If you’ve been paying attention to the emerging vangaurd of Substack, you’ve been paying attention to The Convict. I first came across J. Coleman after his Great Denazification of Clarence Wilhelm Spangle, the most annoying nazi trollbot this side of The Atlantic. This is how it all went down. As the janitors of The Atlantic tried to force Substack to censor innocent people by claiming we had a nazi problem, they did little to actually fix it.
The Convict fixed it swiftly, asking Spangle to fight him in person by sending this pathetic larper his literal address. The trollbot was too cowardly to meet The Convict’s Challenge and blocked him like the bitch that he was. Spangle was no Spengler, and the West was declining for everyone. So, after Spangle was metaphorically beaten down by The Convict, I knew I had to feature him at The Cultural Futurist. After all, what Jewish dissident industrial musician doesn’t like a good denazification with some cold hard beats? Today, I present you with The Convict’s personal code of honor. This is The Convict Code.
Where I came up, becoming a Convict was the modern-day criminal equivalency to achieving knighthood. Few men were able to answer to that title and if you did, you took it very seriously. There was code that you could never deviate from without losing your status.
While The Convict Code was your life, your religion, there was no stone tablet listing commandments. Part of it was understanding it naturally without bullet points. If what a convict is needed to be explained to you, you weren’t one.
This is my attempt to explain The Convict Code to those who aren’t convicts.
1: No snitching
Everyone knows this one. In fact, it's probably the only one that a citizen can list off. It’s a cornerstone because what it really means is knowing who and what you are. No matter your beef with another man, it is still us vs them (authority) before all else.
2: Do not stand for a man who won't stand for himself
You're not doing him any favors by stepping in like Capt SavaHo.
He'll just be labeled a punk, and you've made things worse by basically announcing that he's property. They take their first steps on their own or not at all.
3: Your word is everything
When you speak on something, it better be perceived as a magical spell conjuring reality. "I spoke on it" is more powerful than laws, morality and God himself. To not act on any single thing you've said makes everything else you speak worthless.

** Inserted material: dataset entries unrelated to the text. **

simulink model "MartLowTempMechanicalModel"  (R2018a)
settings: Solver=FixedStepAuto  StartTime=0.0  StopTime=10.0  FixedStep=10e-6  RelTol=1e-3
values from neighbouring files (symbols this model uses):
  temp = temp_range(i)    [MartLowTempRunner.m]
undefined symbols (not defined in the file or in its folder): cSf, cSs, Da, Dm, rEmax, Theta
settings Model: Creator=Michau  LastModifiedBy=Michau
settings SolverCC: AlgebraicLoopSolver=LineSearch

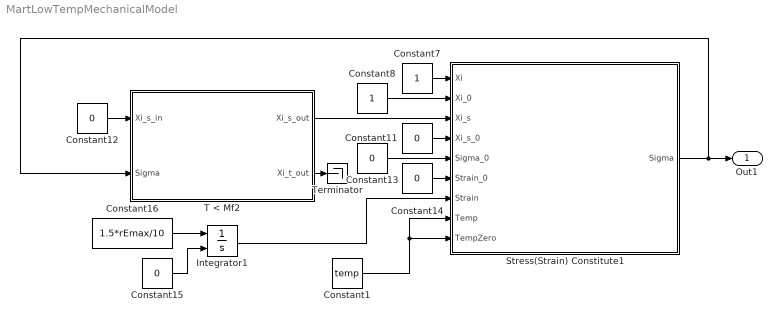
== system MartLowTempMechanicalModel ==
  Constant1 : Constant  Value=temp
  Constant{11..15} (5 alike) : Constant  Value=0
  Constant16 : Constant  Value=1.5*rEmax/10
  Constant7 : Constant
  Constant8 : Constant
  Integrator1 : Integrator  InitialConditionSource=external
  Stress(Strain) Constitute1 : Subsystem
  T < Mf2 : Subsystem
  Terminator : Terminator
  Out1 : Outport
  wires:
  Constant16/1 -> Integrator1/1
  Integrator1/1 -> Stress(Strain) Constitute1/7(Strain)
  T < Mf2/1(Xi_s_out) -> Stress(Strain) Constitute1/3(Xi_s)
  Constant12/1 -> T < Mf2/1(Xi_s_in)
  Stress(Strain) Constitute1/1(Sigma) -> Out1/1, T < Mf2/2(Sigma)
  Constant15/1 -> Integrator1/2
  Constant14/1 -> Stress(Strain) Constitute1/6(Strain_0)
  Constant13/1 -> Stress(Strain) Constitute1/5(Sigma_0)
  Constant7/1 -> Stress(Strain) Constitute1/1(Xi)
  Constant11/1 -> Stress(Strain) Constitute1/4(Xi_s_0)
  Constant8/1 -> Stress(Strain) Constitute1/2(Xi_0)
  Constant1/1 -> Stress(Strain) Constitute1/9(TempZero), Stress(Strain) Constitute1/8(Temp)
  T < Mf2/2("Xi_t_out ") -> Terminator/1

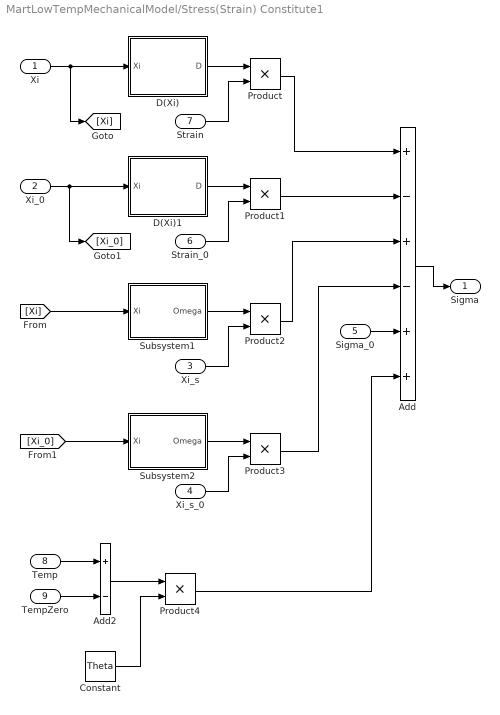
== system MartLowTempMechanicalModel/Stress(Strain) Constitute1 ==
  Xi : Inport
  Xi_0 : Inport  Port=2
  Xi_s : Inport  Port=3
  Xi_s_0 : Inport  Port=4
  Sigma_0 : Inport  Port=5
  Strain_0 : Inport  Port=6
  Strain : Inport  Port=7
  Temp : Inport  Port=8
  TempZero : Inport  Port=9
  Add : Sum  Inputs=+-+-++
  Add2 : Sum  Inputs=+-
  Constant : Constant  Value=Theta
  D(Xi) : Subsystem
  D(Xi)1 : Subsystem
  Product{,1..4} (5 alike) : Product
  Subsystem1 : Subsystem
  Subsystem2 : Subsystem
  Sigma : Outport
  wires:
  Xi/1 -> [Xi], D(Xi)/1(Xi)
  D(Xi)/1(D) -> Product/1
  Strain/1 -> Product/2
  Xi_0/1 -> [Xi_0], D(Xi)1/1(Xi)
  D(Xi)1/1(D) -> Product1/1
  Strain_0/1 -> Product1/2
  [Xi] -> Subsystem1/1(Xi)
  Subsystem1/1(Omega) -> Product2/1
  Xi_s/1 -> Product2/2
  [Xi_0] -> Subsystem2/1(Xi)
  Subsystem2/1(Omega) -> Product3/1
  Xi_s_0/1 -> Product3/2
  Product/1 -> Add/1
  Product1/1 -> Add/2
  Product2/1 -> Add/3
  Product3/1 -> Add/4
  Sigma_0/1 -> Add/5
  Add/1 -> Sigma/1
  TempZero/1 -> Add2/2
  Temp/1 -> Add2/1
  Product4/1 -> Add/6
  Add2/1 -> Product4/1
  Constant/1 -> Product4/2

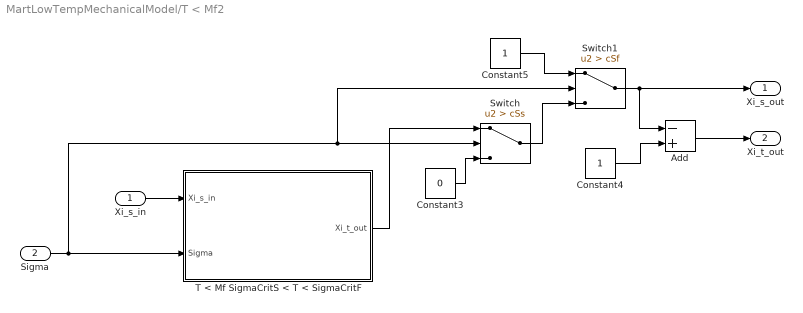
== system MartLowTempMechanicalModel/T < Mf2 ==
  Xi_s_in : Inport
  Sigma : Inport  Port=2
  Add : Sum  Inputs=-+
  Constant3 : Constant  Value=0
  Constant4 : Constant
  Constant5 : Constant
  Switch : Switch  Criteria=u2 > Threshold  Threshold=cSs
  Switch1 : Switch  Criteria=u2 > Threshold  Threshold=cSf
  T < Mf SigmaCritS < T < SigmaCritF : Subsystem
  Xi_s_out : Outport
  "Xi_t_out " : Outport  Port=2
  wires:
  Constant3/1 -> Switch/3
  Sigma/1 -> Switch/2, Switch1/2, T < Mf SigmaCritS < T < SigmaCritF/2(Sigma)
  Switch/1 -> Switch1/3
  T < Mf SigmaCritS < T < SigmaCritF/1(Xi_t_out) -> Switch/1
  Xi_s_in/1 -> T < Mf SigmaCritS < T < SigmaCritF/1(Xi_s_in)
  Constant4/1 -> Add/2
  Switch1/1 -> Xi_s_out/1, Add/1
  Constant5/1 -> Switch1/1
  Add/1 -> "Xi_t_out "/1

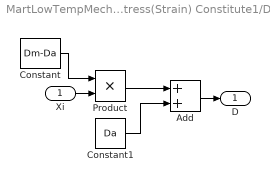
== system MartLowTempMechanicalModel/Stress(Strain) Constitute1/D(Xi) ==
  Xi : Inport
  Add : Sum
  Constant : Constant  Value=Dm-Da
  Constant1 : Constant  Value=Da
  Product : Product
  D : Outport
  wires:
  Xi/1 -> Product/2
  Product/1 -> Add/1
  Constant1/1 -> Add/2
  Constant/1 -> Product/1
  Add/1 -> D/1

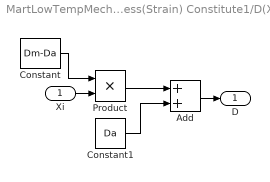
== system MartLowTempMechanicalModel/Stress(Strain) Constitute1/D(Xi)1 ==
  Xi : Inport
  Add : Sum
  Constant : Constant  Value=Dm-Da
  Constant1 : Constant  Value=Da
  Product : Product
  D : Outport
  wires:
  Xi/1 -> Product/2
  Product/1 -> Add/1
  Constant1/1 -> Add/2
  Constant/1 -> Product/1
  Add/1 -> D/1

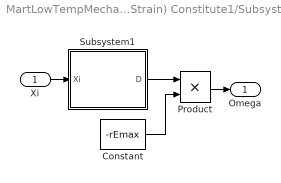
== system MartLowTempMechanicalModel/Stress(Strain) Constitute1/Subsystem1 ==
  Xi : Inport
  Constant : Constant  Value=-rEmax
  Product : Product
  Subsystem1 : Subsystem
  Omega : Outport
  wires:
  Product/1 -> Omega/1
  Subsystem1/1(D) -> Product/1
  Constant/1 -> Product/2
  Xi/1 -> Subsystem1/1(Xi)

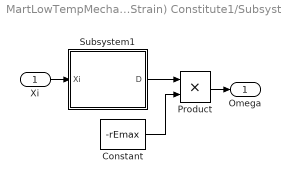
== system MartLowTempMechanicalModel/Stress(Strain) Constitute1/Subsystem2 ==
  Xi : Inport
  Constant : Constant  Value=-rEmax
  Product : Product
  Subsystem1 : Subsystem
  Omega : Outport
  wires:
  Product/1 -> Omega/1
  Subsystem1/1(D) -> Product/1
  Constant/1 -> Product/2
  Xi/1 -> Subsystem1/1(Xi)

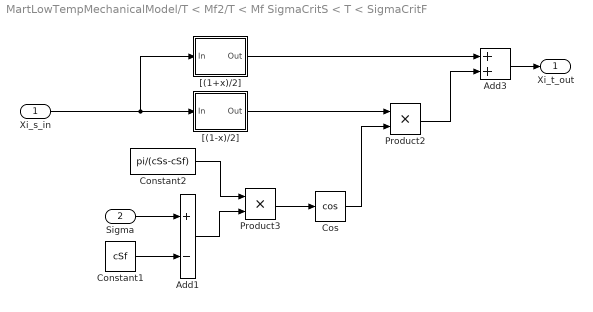
== system MartLowTempMechanicalModel/T < Mf2/T < Mf SigmaCritS < T < SigmaCritF ==
  Xi_s_in : Inport
  Sigma : Inport  Port=2
  Add1 : Sum  Inputs=+-
  Add3 : Sum
  Constant1 : Constant  Value=cSf
  Constant2 : Constant  Value=pi/(cSs-cSf)
  Cos : Trigonometry  Operator=cos
  Product2 : Product
  Product3 : Product
  "[(1+x)/2]" : Subsystem
  "[(1-x)/2]" : Subsystem
  Xi_t_out : Outport
  wires:
  Cos/1 -> Product2/2
  Product2/1 -> Add3/2
  Add1/1 -> Product3/2
  Sigma/1 -> Add1/1
  Add3/1 -> Xi_t_out/1
  Xi_s_in/1 -> "[(1+x)/2]"/1(In), "[(1-x)/2]"/1(In)
  Product3/1 -> Cos/1
  "[(1+x)/2]"/1(Out) -> Add3/1
  "[(1-x)/2]"/1(Out) -> Product2/1
  Constant2/1 -> Product3/1
  Constant1/1 -> Add1/2

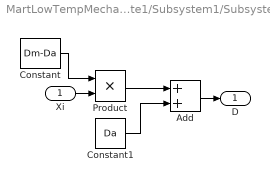
== system MartLowTempMechanicalModel/Stress(Strain) Constitute1/Subsystem1/Subsystem1 ==
  Xi : Inport
  Add : Sum
  Constant : Constant  Value=Dm-Da
  Constant1 : Constant  Value=Da
  Product : Product
  D : Outport
  wires:
  Xi/1 -> Product/2
  Product/1 -> Add/1
  Constant1/1 -> Add/2
  Constant/1 -> Product/1
  Add/1 -> D/1

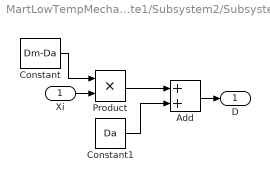
== system MartLowTempMechanicalModel/Stress(Strain) Constitute1/Subsystem2/Subsystem1 ==
  Xi : Inport
  Add : Sum
  Constant : Constant  Value=Dm-Da
  Constant1 : Constant  Value=Da
  Product : Product
  D : Outport
  wires:
  Xi/1 -> Product/2
  Product/1 -> Add/1
  Constant1/1 -> Add/2
  Constant/1 -> Product/1
  Add/1 -> D/1

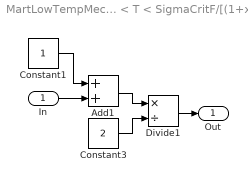
== system MartLowTempMechanicalModel/T < Mf2/T < Mf SigmaCritS < T < SigmaCritF/[(1+x)//2] ==
  In : Inport
  Add1 : Sum
  Constant1 : Constant
  Constant3 : Constant  Value=2
  Divide1 : Product  Inputs=*/
  Out : Outport
  wires:
  Constant3/1 -> Divide1/2
  Divide1/1 -> Out/1
  Constant1/1 -> Add1/1
  In/1 -> Add1/2
  Add1/1 -> Divide1/1

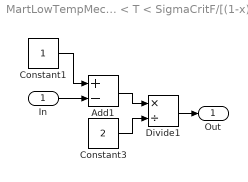
== system MartLowTempMechanicalModel/T < Mf2/T < Mf SigmaCritS < T < SigmaCritF/[(1-x)//2] ==
  In : Inport
  Add1 : Sum  Inputs=+-
  Constant1 : Constant
  Constant3 : Constant  Value=2
  Divide1 : Product  Inputs=*/
  Out : Outport
  wires:
  Constant3/1 -> Divide1/2
  Divide1/1 -> Out/1
  Constant1/1 -> Add1/1
  In/1 -> Add1/2
  Add1/1 -> Divide1/1

4: Don't start anything you won't finish
Do not even raise your voice to another man if you aren't ready to kill or die over that disagreement. To be taken seriously, everyone else has to know that you don't have a line. Few things go that far. However, the option must be available.
5: Never drag another man's name secretly
You will never whisper or gossip negatively about another man. Whatever problem you have with him, you say it to him directly and to be heard by everyone else or you don't say it at all. Anything else makes you a coward.
6: Handle your own business
All of your problems belong to you alone. You will not obligate another man to step in with or for you, nor will you judge any of them should they choose not to do so on their own. Be grateful for when they decide to step up with you and you're not owed.
7: Respect is earned not owed
Most men enter with a clean slate, and how you're treated is determined by your actions alone. You'll be tested, but that is not a statement of who you are, but rather the other men learning. You are measured by your worst moments, not your best.
8: You have to fight
It's actually more important that you try than if you can. Men are more interested in your courage than skill and strength. The latter two can be built up, but not if you have a weak heart. We know that anyone can get whooped on, but only cowards submit.
9: Only dirt belongs to you
The only things that belong to you and you alone are the things that are incriminating. Convicts share prosperity with each other. You'd give the last you have of something to another Convict who needs it and he'll do the same for you. Brothers over things.
10: It's just business
The Code comes before anyone. Even for a man who you'd fight and die for, sometimes you have to do what you have to do. If he steps outside, you step on him. It may break your heart, but The Code is king. It's not personal and there can be no exceptions.
This article is the perfect example of my point when I'd go rounds with the Censorship-Poofs about why the solution is going straight at the problem, not complaining to Substack. People are now discussing how pathetic he is openly. Writing articles and notes about "Nazis" while never confronteding them, like the Atlantic did, is nothing but gossiping. Deplatforming them would accomplish nothing except making people curious about what they're saying that's so wrong. But if you step on them, break them down in front of God and man, then everyone witnesses their weakness and no one listens to or follows losers. That's how you address a threat permanently. Censorship makes them mysterious but a public execution makes them impotent.
So, pretty much the code the rest of us, or rather most of us, forgot?